The Supreme Court held that as B died without having any children and Dutta Din claimed interest in the property, his claim was rejected by the court. According to the provisions of Section 16, where the transfer in favor of a person is void, any subsequent transfer effecting on the failure of such transfer is also void. In layman’s terms, if the prior interest fails, then the subsequent interest also fails, even if it is valid by law, and it will be considered void.

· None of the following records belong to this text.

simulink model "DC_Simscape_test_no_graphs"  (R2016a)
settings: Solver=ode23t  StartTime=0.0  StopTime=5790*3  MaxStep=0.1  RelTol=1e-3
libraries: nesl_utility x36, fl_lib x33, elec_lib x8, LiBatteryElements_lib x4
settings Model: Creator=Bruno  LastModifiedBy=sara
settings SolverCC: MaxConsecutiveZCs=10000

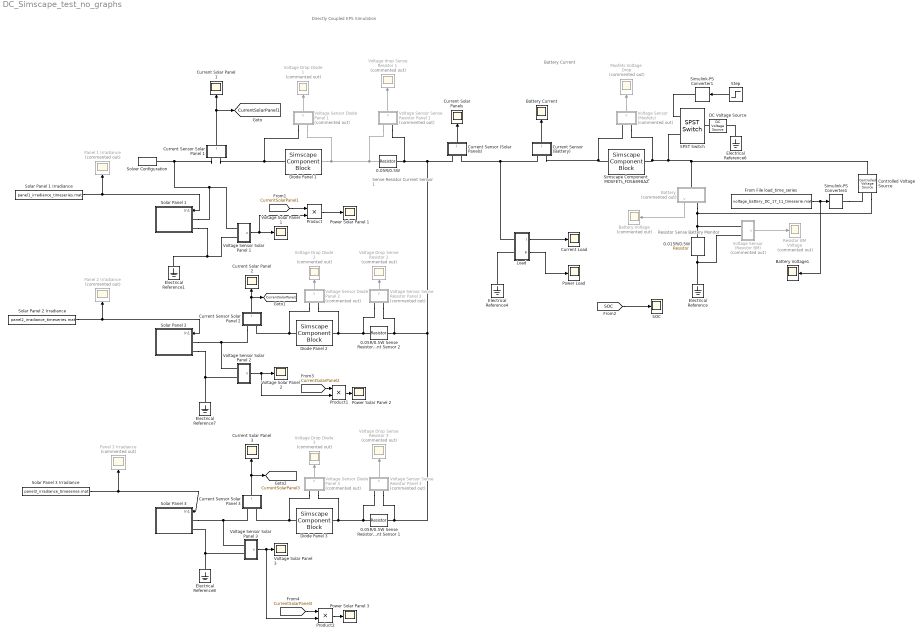
== system DC_Simscape_test_no_graphs ==
  note: Battery Current
  note: Resistor Sense
      | Battery Monitor
  note: Sense Resistor
      | Current Sensor 1
  note: Directly Coupled EPS Simulation
  " Battery" : Subsystem  Commented=on
      settings: CopyFcn=set_param(gcb,'LinkStatus','none')
  " Load" : Subsystem
      settings: CopyFcn=set_param(gcb,'LinkStatus','none')
  " 0.015R/0.5W" : elec_lib/Passive Devices/Resistor  R=0.015 Ohm  R_tol=0.01  enable_R_tol=0  tol_distribution=1  nSigma=4  enable_operating_limits=0  operating_limit_action=2  max_working_voltage=100 V  power_rating=1 W  enable_faults=0  fault_action=1  R_faulted=Inf Ohm  enable_temporal_fault=0  t_fault=1 s  enable_behavioral_fault=0  max_permissible_current=1 A  t_fail_on_current=1 s  noise_mode=0  sample_time=0.001 s  repeatability=1  auto_seed=1471942077  user_seed=0  Tdevice=25 degC  alpha=0.00393 1/K  Tmeas=25 degC  thermal_mass=100 J/K  initial_temperature=25 degC  power_derating_T1=70 degC  power_derating_T2=155 degC  operating_temperature_range_vec=[ -50 150 ] degC
  " 0.05R/0.5W" : elec_lib/Passive Devices/Resistor  R=0.05 Ohm  R_tol=0.01  enable_R_tol=0  tol_distribution=1  nSigma=4  enable_operating_limits=0  operating_limit_action=2  max_working_voltage=100 V  power_rating=1 W  enable_faults=0  fault_action=1  R_faulted=Inf Ohm  enable_temporal_fault=0  t_fault=1 s  enable_behavioral_fault=0  max_permissible_current=1 A  t_fail_on_current=1 s  noise_mode=0  sample_time=0.001 s  repeatability=1  auto_seed=1613585455  user_seed=0  Tdevice=25 degC  alpha=0.00393 1/K  Tmeas=25 degC  thermal_mass=100 J/K  initial_temperature=25 degC  power_derating_T1=70 degC  power_derating_T2=155 degC  operating_temperature_range_vec=[ -50 150 ] degC
  " 0.05R/0.5W Sense Resistor Current Sensor 1" : elec_lib/Passive Devices/Resistor  R=0.05 Ohm  R_tol=0.01  enable_R_tol=0  tol_distribution=1  nSigma=4  enable_operating_limits=0  operating_limit_action=2  max_working_voltage=100 V  power_rating=1 W  enable_faults=0  fault_action=1  R_faulted=Inf Ohm  enable_temporal_fault=0  t_fault=1 s  enable_behavioral_fault=0  max_permissible_current=1 A  t_fail_on_current=1 s  noise_mode=0  sample_time=0.001 s  repeatability=1  auto_seed=4049024516  user_seed=0  Tdevice=25 degC  alpha=0.00393 1/K  Tmeas=25 degC  thermal_mass=100 J/K  initial_temperature=25 degC  power_derating_T1=70 degC  power_derating_T2=155 degC  operating_temperature_range_vec=[ -50 150 ] degC
  " 0.05R/0.5W Sense Resistor Current Sensor 2" : elec_lib/Passive Devices/Resistor  R=0.05 Ohm  R_tol=0.01  enable_R_tol=0  tol_distribution=1  nSigma=4  enable_operating_limits=0  operating_limit_action=2  max_working_voltage=100 V  power_rating=1 W  enable_faults=0  fault_action=1  R_faulted=Inf Ohm  enable_temporal_fault=0  t_fault=1 s  enable_behavioral_fault=0  max_permissible_current=1 A  t_fail_on_current=1 s  noise_mode=0  sample_time=0.001 s  repeatability=1  auto_seed=2353087603  user_seed=0  Tdevice=25 degC  alpha=0.00393 1/K  Tmeas=25 degC  thermal_mass=100 J/K  initial_temperature=25 degC  power_derating_T1=70 degC  power_derating_T2=155 degC  operating_temperature_range_vec=[ -50 150 ] degC
  " Current Solar Panel 1" : Scope
  " Current Solar Panel 2" : Scope
  " Current Solar Panel 3" : Scope
  " Solar Panel 1 Irradiance" : FromFile  FileName=panel1_irradiance_timeseries.mat
  Battery Current : Scope
  Battery Voltage : Scope  Commented=on
  Battery Voltage1 : Scope
  Controlled Voltage Source : fl_lib/Electrical/Electrical Sources/Controlled Voltage Source
  Current Sensor (Battery) : Subsystem
      settings: CopyFcn=set_param(gcb,'LinkStatus','none')
  Current Sensor (Solar Panels) : Subsystem
      settings: CopyFcn=set_param(gcb,'LinkStatus','none')
  Current Sensor Solar Panel 1 : Subsystem
      settings: CopyFcn=set_param(gcb,'LinkStatus','none')
  Current Sensor Solar Panel 2 : Subsystem
      settings: CopyFcn=set_param(gcb,'LinkStatus','none')
  Current Sensor Solar Panel 3 : Subsystem
      settings: CopyFcn=set_param(gcb,'LinkStatus','none')
  Current Solar Panels : Scope
  Current Load : Scope
  DC Voltage Source : fl_lib/Electrical/Electrical Sources/DC Voltage Source  v0=4 V
  Diode Panel 1 : SimscapeComponentBlock  SourceFile=diode_EPS  ComponentPath=diode_EPS  ComponentVariants=diode_EPS  ComponentVariantNames=diode_EPS  ClassName=diode_EPS  SchemaVersion=1  Vt=1.38e-23 * 298 / 1.60e-19 V  R=0.0084 Ohm  n=1.00404  Is=1.3032e-6 A  i_specify=off  i_priority=None  i=1 A  v_specify=off  v_priority=None  v=0 V
      settings: CopyFcn=simscape.engine.sli.internal.componentblockcallback(gcbh,'COPY')  PreCopyFcn=simscape.engine.sli.internal.componentblockcallback(gcbh,'PRECOPY')  PreDeleteFcn=simscape.engine.sli.internal.componentblockcallback(gcbh,'PREDELETE')
      mask Type: Code produced by Embedded Systems Group - UFSC
      mask Display:
      | disp('Simscape\n\n\n')
      | disp('\n\n\ndiode_EPS');
      | color('red');
      | port_label('RConn', 1,'-');
      | port_label('LConn', 1,'+');
  Diode Panel 2 : SimscapeComponentBlock  SourceFile=diode_EPS  ComponentPath=diode_EPS  ComponentVariants=diode_EPS  ComponentVariantNames=diode_EPS  ClassName=diode_EPS  SchemaVersion=1  Vt=1.38e-23 * 298 / 1.60e-19 V  R=0.0084 Ohm  n=1.00404  Is=1.3032e-6 A  i_specify=off  i_priority=None  i=1 A  v_specify=off  v_priority=None  v=0 V
      settings: CopyFcn=simscape.engine.sli.internal.componentblockcallback(gcbh,'COPY')  PreCopyFcn=simscape.engine.sli.internal.componentblockcallback(gcbh,'PRECOPY')  PreDeleteFcn=simscape.engine.sli.internal.componentblockcallback(gcbh,'PREDELETE')
      mask Type: Code produced by Embedded Systems Group - UFSC
      mask Display:
      | disp('Simscape\n\n\n')
      | disp('\n\n\ndiode_EPS');
      | color('red');
      | port_label('RConn', 1,'-');
      | port_label('LConn', 1,'+');
  Diode Panel 3 : SimscapeComponentBlock  SourceFile=diode_EPS  ComponentPath=diode_EPS  ComponentVariants=diode_EPS  ComponentVariantNames=diode_EPS  ClassName=diode_EPS  SchemaVersion=1  Vt=1.38e-23 * 298 / 1.60e-19 V  R=0.0084 Ohm  n=1.00404  Is=1.3032e-6 A  i_specify=off  i_priority=None  i=1 A  v_specify=off  v_priority=None  v=0 V
      settings: CopyFcn=simscape.engine.sli.internal.componentblockcallback(gcbh,'COPY')  PreCopyFcn=simscape.engine.sli.internal.componentblockcallback(gcbh,'PRECOPY')  PreDeleteFcn=simscape.engine.sli.internal.componentblockcallback(gcbh,'PREDELETE')
      mask Type: Code produced by Embedded Systems Group - UFSC
      mask Display:
      | disp('Simscape\n\n\n')
      | disp('\n\n\ndiode_EPS');
      | color('red');
      | port_label('RConn', 1,'-');
      | port_label('LConn', 1,'+');
  Electrical Reference{,1,4,6..8} (6 alike) : fl_lib/Electrical/Electrical Elements/Electrical Reference
  From File load_time_series : FromFile  FileName=voltage_battery_DC_17_11_timeserie.mat  SampleTime=1
  Mosfets Voltage Drop : Scope  Commented=on
  Panel 1 Irradiance : Scope  Commented=on
  Panel 2 Irradiance : Scope  Commented=on
  Panel 3 Irradiance : Scope  Commented=on
  Power Solar Panel 1 : Scope
  Power Solar Panel 2 : Scope
  Power Solar Panel 3 : Scope
  Power Load : Scope
  Product : Product
  Product1 : Product
  Product2 : Product
  Resistor BM Voltage : Scope  Commented=on
  SOC : Scope
  SPST Switch : elec_lib/Passive Devices/Switches/SPST Switch  R_closed=0.01 Ohm  G_open=1e-6 S  Threshold=0 V  Width=0 V  model_dynamics=0  t_on=0.001 s  t_off=0.001 s  initial_vT=0 V
  Simscape Component_MOSFETs_FDS6898AZ : SimscapeComponentBlock  SourceFile=MOSFETs_EPS  ComponentPath=MOSFETs_EPS  ComponentVariants=MOSFETs_EPS  ComponentVariantNames=MOSFETs_EPS  ClassName=MOSFETs_EPS  SchemaVersion=1  Vt=1.38e-23 * 298 / 1.60e-19 V  Rsd=0.27 Ohm  Rs=0.008235 Ohm  n=1.89492  Is=1.26064e-7 A  i_specify=on  i_priority=None  i=1 A  v_specify=on  v_priority=None  v=4 V  Vr_DC_specify=on  Vr_DC_priority=None  Vr_DC=1 V  Vr_CC_specify=on  Vr_CC_priority=None  Vr_CC=1 V
      settings: CopyFcn=simscape.engine.sli.internal.componentblockcallback(gcbh,'COPY')  PreCopyFcn=simscape.engine.sli.internal.componentblockcallback(gcbh,'PRECOPY')  PreDeleteFcn=simscape.engine.sli.internal.componentblockcallback(gcbh,'PREDELETE')
      mask Type: Code produced by Embedded Systems Group - UFSC
      mask Display:
      | disp('Simscape\n\n\n')
      | disp('\n\n\nMOSFETs_EPS');
      | color('red');
      | port_label('RConn', 1,'-');
      | port_label('LConn', 1,'+');
  Simulink-PS Converter1 : nesl_utility/Simulink-PS Converter  PhysicalDomain=network_engine_domain  SubClassName=ps_input  LeftPortType=input  RightPortType=output  PseudoPeriodic=off  Frequencies=[]  NoiseDistribution=none  NoiseParameters=[]  Unit=1  AffineConversion=off  InputFiltering=off  SimscapeFilterOrder=1  InputFilterTimeConstant=0.001  UdotUserProvided=1
  Simulink-PS Converter4 : nesl_utility/Simulink-PS Converter  PhysicalDomain=network_engine_domain  SubClassName=ps_input  LeftPortType=input  RightPortType=output  PseudoPeriodic=off  Frequencies=[]  NoiseDistribution=none  NoiseParameters=[]  Unit=1  AffineConversion=off  InputFiltering=off  SimscapeFilterOrder=1  InputFilterTimeConstant=0.001  UdotUserProvided=1
  Solar Panel 1 : Subsystem
      settings: CopyFcn=set_param(gcb,'LinkStatus','none')
  Solar Panel 2 : Subsystem
      settings: CopyFcn=set_param(gcb,'LinkStatus','none')
  Solar Panel 2 Irradiance : FromFile  FileName=panel2_irradiance_timeseries.mat
  Solar Panel 3 : Subsystem
      settings: CopyFcn=set_param(gcb,'LinkStatus','none')
  Solar Panel 3 Irradiance : FromFile  FileName=panel3_irradiance_timeseries.mat
  Solver Configuration : nesl_utility/Solver Configuration  PhysicalDomain=network_engine_domain  SubClassName=solver  LeftPortType=input  RightPortType=generic  Accelerate=off  Tones=[]  Harmonics=[]  SimulateNoise=off  Profile=off  UseLocalSampling=off  EnableSwitchedLinearOptims=on  FrequencyDomain=off  UseCCode=off  RelTol=0.001  AbsTol=1e-06  MinStep=1e-09  ToWorkspace=off  RevertToSquareIcSolve=off  NumHomotopyIterations=100  PhasorMode=off  PhasorModeNumHarmonics=1  OverrideAbsTol=off  DoDC=off  ResidualTolerance=1e-3  UseLocalSolver=off  LocalSolverChoice=NE_BACKWARD_EULER_ADVANCER  LocalSolverSampleTime=.001  DoFixedCost=off  MaxNonlinIter=3  MaxModeIter=2  LinearAlgebra=Sparse  DelaysMemoryBudget=1024  AutomaticFiltering=on  FilteringTimeConstant=0.001
  Step : Step  Before=1  After=0  SampleTime=0
  Voltage Sensor (Mosfets) : Subsystem  Commented=on
      settings: CopyFcn=set_param(gcb,'LinkStatus','none')
  Voltage Sensor (Resistor BM) : Subsystem  Commented=on
      settings: CopyFcn=set_param(gcb,'LinkStatus','none')
  Voltage Solar Panel 1 : Scope
  Voltage Solar Panel 2 : Scope
  Voltage Solar Panel 3 : Scope
  "Voltage Drop Diode 1 " : Scope  Commented=on
  Voltage Drop Diode 2 : Scope  Commented=on
  Voltage Drop Diode 3 : Scope  Commented=on
  Voltage Drop Sense Resistor 2 : Scope  Commented=on
  Voltage Drop Sense Resistor 3 : Scope  Commented=on
  Voltage Sensor Diode Panel 1 : Subsystem  Commented=on
      settings: CopyFcn=set_param(gcb,'LinkStatus','none')
  Voltage Sensor Diode Panel 2 : Subsystem  Commented=on
      settings: CopyFcn=set_param(gcb,'LinkStatus','none')
  Voltage Sensor Diode Panel 3 : Subsystem  Commented=on
      settings: CopyFcn=set_param(gcb,'LinkStatus','none')
  "Voltage Sensor Sense Resistor Panel 1 " : Subsystem  Commented=on
      settings: CopyFcn=set_param(gcb,'LinkStatus','none')
  Voltage Sensor Sense Resistor Panel 2 : Subsystem  Commented=on
      settings: CopyFcn=set_param(gcb,'LinkStatus','none')
  Voltage Sensor Sense Resistor Panel 3 : Subsystem  Commented=on
      settings: CopyFcn=set_param(gcb,'LinkStatus','none')
  Voltage Sensor Solar Panel 1 : Subsystem
      settings: CopyFcn=set_param(gcb,'LinkStatus','none')
  Voltage Sensor Solar Panel 2 : Subsystem
      settings: CopyFcn=set_param(gcb,'LinkStatus','none')
  Voltage Sensor Solar Panel 3 : Subsystem
      settings: CopyFcn=set_param(gcb,'LinkStatus','none')
  Voltage drop Sense Resistor 1 : Scope  Commented=on
  tag scope: CurrentSolarPanel1=global, CurrentSolarPanel2=global, CurrentSolarPanel3=global
  wires:
  Voltage Sensor (Mosfets)/1(v) -> Mosfets Voltage Drop/1
  Voltage Sensor Diode Panel 1/1(v) -> "Voltage Drop Diode 1 "/1
  Current Sensor (Solar Panels)/1(i) -> Current Solar Panels/1
  "Voltage Sensor Sense Resistor Panel 1 "/1(v) -> Voltage drop Sense Resistor 1/1
  Voltage Sensor (Resistor BM)/1(v) -> Resistor BM Voltage/1
  Voltage Sensor Solar Panel 1/1(v) -> Product/2, Voltage Solar Panel 1/1
  Current Sensor (Battery)/1(i) -> Battery Current/1
  Current Sensor Solar Panel 1/1(i) -> [CurrentSolarPanel1], " Current Solar Panel 1"/1
  Step/1 -> Simulink-PS Converter1/1
  Product/1 -> Power Solar Panel 1/1
  " Solar Panel 1 Irradiance"/1 -> Solar Panel 1/1(In1), Panel 1 Irradiance/1
  Solar Panel 2 Irradiance/1 -> Panel 2 Irradiance/1, Solar Panel 2/1(In1)
  Voltage Sensor Solar Panel 2/1(v) -> Product1/2, Voltage Solar Panel 2/1
  Voltage Sensor Diode Panel 2/1(v) -> Voltage Drop Diode 2/1
  Voltage Sensor Sense Resistor Panel 2/1(v) -> Voltage Drop Sense Resistor 2/1
  Solar Panel 3 Irradiance/1 -> Panel 3 Irradiance/1, Solar Panel 3/1(In1)
  Voltage Sensor Diode Panel 3/1(v) -> Voltage Drop Diode 3/1
  Current Sensor Solar Panel 3/1(i) -> [CurrentSolarPanel3], " Current Solar Panel 3"/1
  " Load"/1(I) -> Current Load/1
  " Load"/2(P) -> Power Load/1
  " Battery"/1(v) -> Battery Voltage/1
  [SOC] -> SOC/1
  Voltage Sensor Sense Resistor Panel 3/1(v) -> Voltage Drop Sense Resistor 3/1
  Current Sensor Solar Panel 2/1(i) -> [CurrentSolarPanel2], " Current Solar Panel 2"/1
  [CurrentSolarPanel1] -> Product/1
  Product1/1 -> Power Solar Panel 2/1
  [CurrentSolarPanel2] -> Product1/1
  Voltage Sensor Solar Panel 3/1(v) -> Product2/2, Voltage Solar Panel 3/1
  Product2/1 -> Power Solar Panel 3/1
  [CurrentSolarPanel3] -> Product2/1
  From File load_time_series/1 -> Battery Voltage1/1, Simulink-PS Converter4/1
  connections:
  Current Sensor Solar Panel 1/LConn2 -- Voltage Sensor Diode Panel 1/LConn1 -- Diode Panel 1/LConn1
  " 0.015R/0.5W"/LConn1 -- Controlled Voltage Source/RConn2 -- " Battery"/RConn1 -- Voltage Sensor (Resistor BM)/LConn1
  Voltage Sensor Diode Panel 1/LConn2 -- Diode Panel 1/RConn1 -- "Voltage Sensor Sense Resistor Panel 1 "/LConn1 -- " 0.05R/0.5W"/LConn1
  Voltage Sensor (Mosfets)/LConn1 -- Simscape Component_MOSFETs_FDS6898AZ/LConn1 -- Current Sensor (Battery)/LConn2
  " 0.05R/0.5W"/RConn1 -- Voltage Sensor Sense Resistor Panel 3/LConn2 -- " 0.05R/0.5W Sense Resistor Current Sensor 1"/RConn1 -- Voltage Sensor Sense Resistor Panel 2/LConn2 -- " 0.05R/0.5W Sense Resistor Current Sensor 2"/RConn1 -- Current Sensor (Solar Panels)/LConn1 -- "Voltage Sensor Sense Resistor Panel 1 "/LConn2
  Solver Configuration/RConn1 -- Solar Panel 1/LConn1 -- Voltage Sensor Solar Panel 1/LConn1 -- Current Sensor Solar Panel 1/LConn1
  Current Sensor (Battery)/LConn1 -- " Load"/LConn1 -- Current Sensor (Solar Panels)/LConn2
  " 0.015R/0.5W"/RConn1 -- Voltage Sensor (Resistor BM)/LConn2 -- Electrical Reference/LConn1
  Simscape Component_MOSFETs_FDS6898AZ/RConn1 -- Controlled Voltage Source/LConn1 -- " Battery"/LConn1 -- SPST Switch/LConn2 -- Voltage Sensor (Mosfets)/LConn2
  Voltage Sensor Solar Panel 1/LConn2 -- Electrical Reference1/LConn1 -- Solar Panel 1/LConn2
  Simulink-PS Converter1/RConn1 -- SPST Switch/LConn1
  Electrical Reference6/LConn1 -- DC Voltage Source/RConn1
  DC Voltage Source/LConn1 -- SPST Switch/RConn1
  Solar Panel 2/LConn2 -- Electrical Reference7/LConn1 -- Voltage Sensor Solar Panel 2/LConn2
  Solar Panel 2/LConn1 -- Current Sensor Solar Panel 2/LConn1 -- Voltage Sensor Solar Panel 2/LConn1
  " 0.05R/0.5W Sense Resistor Current Sensor 2"/LConn1 -- Voltage Sensor Sense Resistor Panel 2/LConn1 -- Voltage Sensor Diode Panel 2/LConn2 -- Diode Panel 2/RConn1
  Diode Panel 2/LConn1 -- Voltage Sensor Diode Panel 2/LConn1 -- Current Sensor Solar Panel 2/LConn2
  Solar Panel 3/LConn1 -- Voltage Sensor Solar Panel 3/LConn1 -- Current Sensor Solar Panel 3/LConn1
  Electrical Reference8/LConn1 -- Voltage Sensor Solar Panel 3/LConn2 -- Solar Panel 3/LConn2
  Diode Panel 3/LConn1 -- Current Sensor Solar Panel 3/LConn2 -- Voltage Sensor Diode Panel 3/LConn1
  " 0.05R/0.5W Sense Resistor Current Sensor 1"/LConn1 -- Voltage Sensor Sense Resistor Panel 3/LConn1 -- Voltage Sensor Diode Panel 3/LConn2 -- Diode Panel 3/RConn1
  " Load"/LConn2 -- Electrical Reference4/LConn1
  Simulink-PS Converter4/RConn1 -- Controlled Voltage Source/RConn1

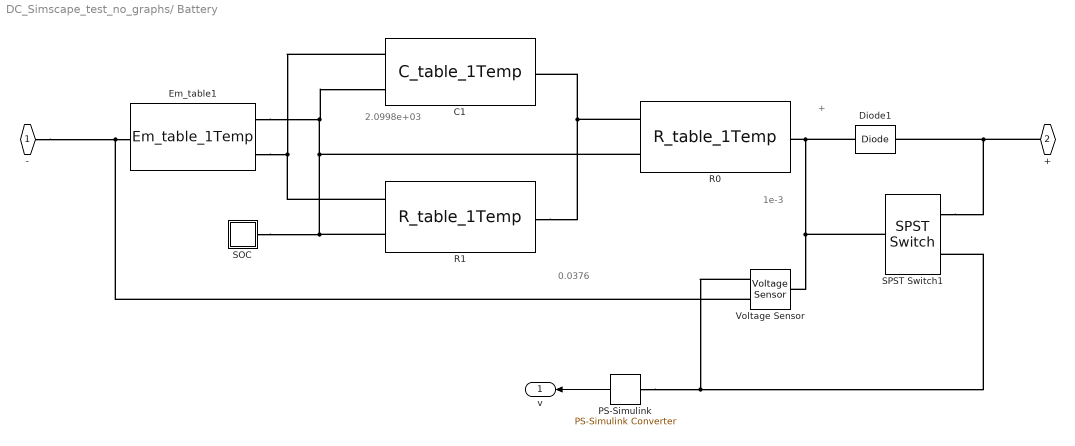
== system DC_Simscape_test_no_graphs/ Battery ==
  note: 1e-3
  note: 0.0376
  note: 2.0998e+03
  note: +
  " SOC " : Subsystem
  C1 : LiBatteryElements_lib/C_table_1Temp  C_Table=2.0998e+03*ones(5, 1) F  SOC_Table=[0.0; 0.1; 0.5; 0.9; 1.0]  v0=0 V
  Diode1 : fl_lib/Electrical/Electrical Elements/Diode  Vf=0.0001 V  Ron=0.0001 Ohm  Goff=1e-8 1/Ohm  i_specify=off  i_priority=None  i=0 A  v_specify=off  v_priority=None  v=0 V
  Em_table1 : LiBatteryElements_lib/Em_table_1Temp  Em_Table=[2.387048;3.045524;3.235201;3.386789;3.465654;3.531649;3.574124;3.602364;3.63132;3.666658;3.730669;3.801663;3.889973;3.927882;4.143995] V  SOC_Table=[0;0.010;0.025;0.050;0.100;0.200;0.300;0.400;0.500;0.600;0.700;0.800;0.900;0.950;1.000]  C=2.4566 hr*A  Qinit=0 hr*A
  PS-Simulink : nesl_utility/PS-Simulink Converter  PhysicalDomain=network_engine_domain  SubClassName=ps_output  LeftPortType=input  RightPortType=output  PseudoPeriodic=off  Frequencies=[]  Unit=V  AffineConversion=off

The interest in favor of the unborn must be transferred as absolute interest in respect to immovable property. Section 13 acts as a progressive step toward securing the rights of the unborn. This section binds two conditions: first, prior interest must be created before transferring the property in favor of the unborn; second, an absolute interest must be transferred to the unborn after they come into existence. Section 16 extends Section 13 by stating that if the prior interest fails, then the subsequent interest automatically fails by default, as per the provisions made by the lawmakers. This case discusses the failure of the prior interest and how the subsequent interest also fails. Consequently, Dutta Din is not eligible to receive the property as the prior interest set by A in favor of B’s male descendants fails, resulting in the subsequent interest failing automatically.


  1. Was the gift to B (her nephew) valid? 

Answer: No, it was not. The gift to the unborn failed as per Section 13 due to the lack of prior interest and absolute transfer. The gift to Dutta Din also failed as per Section 16 of the Transfer of Property Act 1882.

  1. Was the gift to the unborn daughters valid? 

Answer: No. A created limited interest towards the unborn daughters, which is prohibited by law. Only absolute interest can be created in favour of the unborn.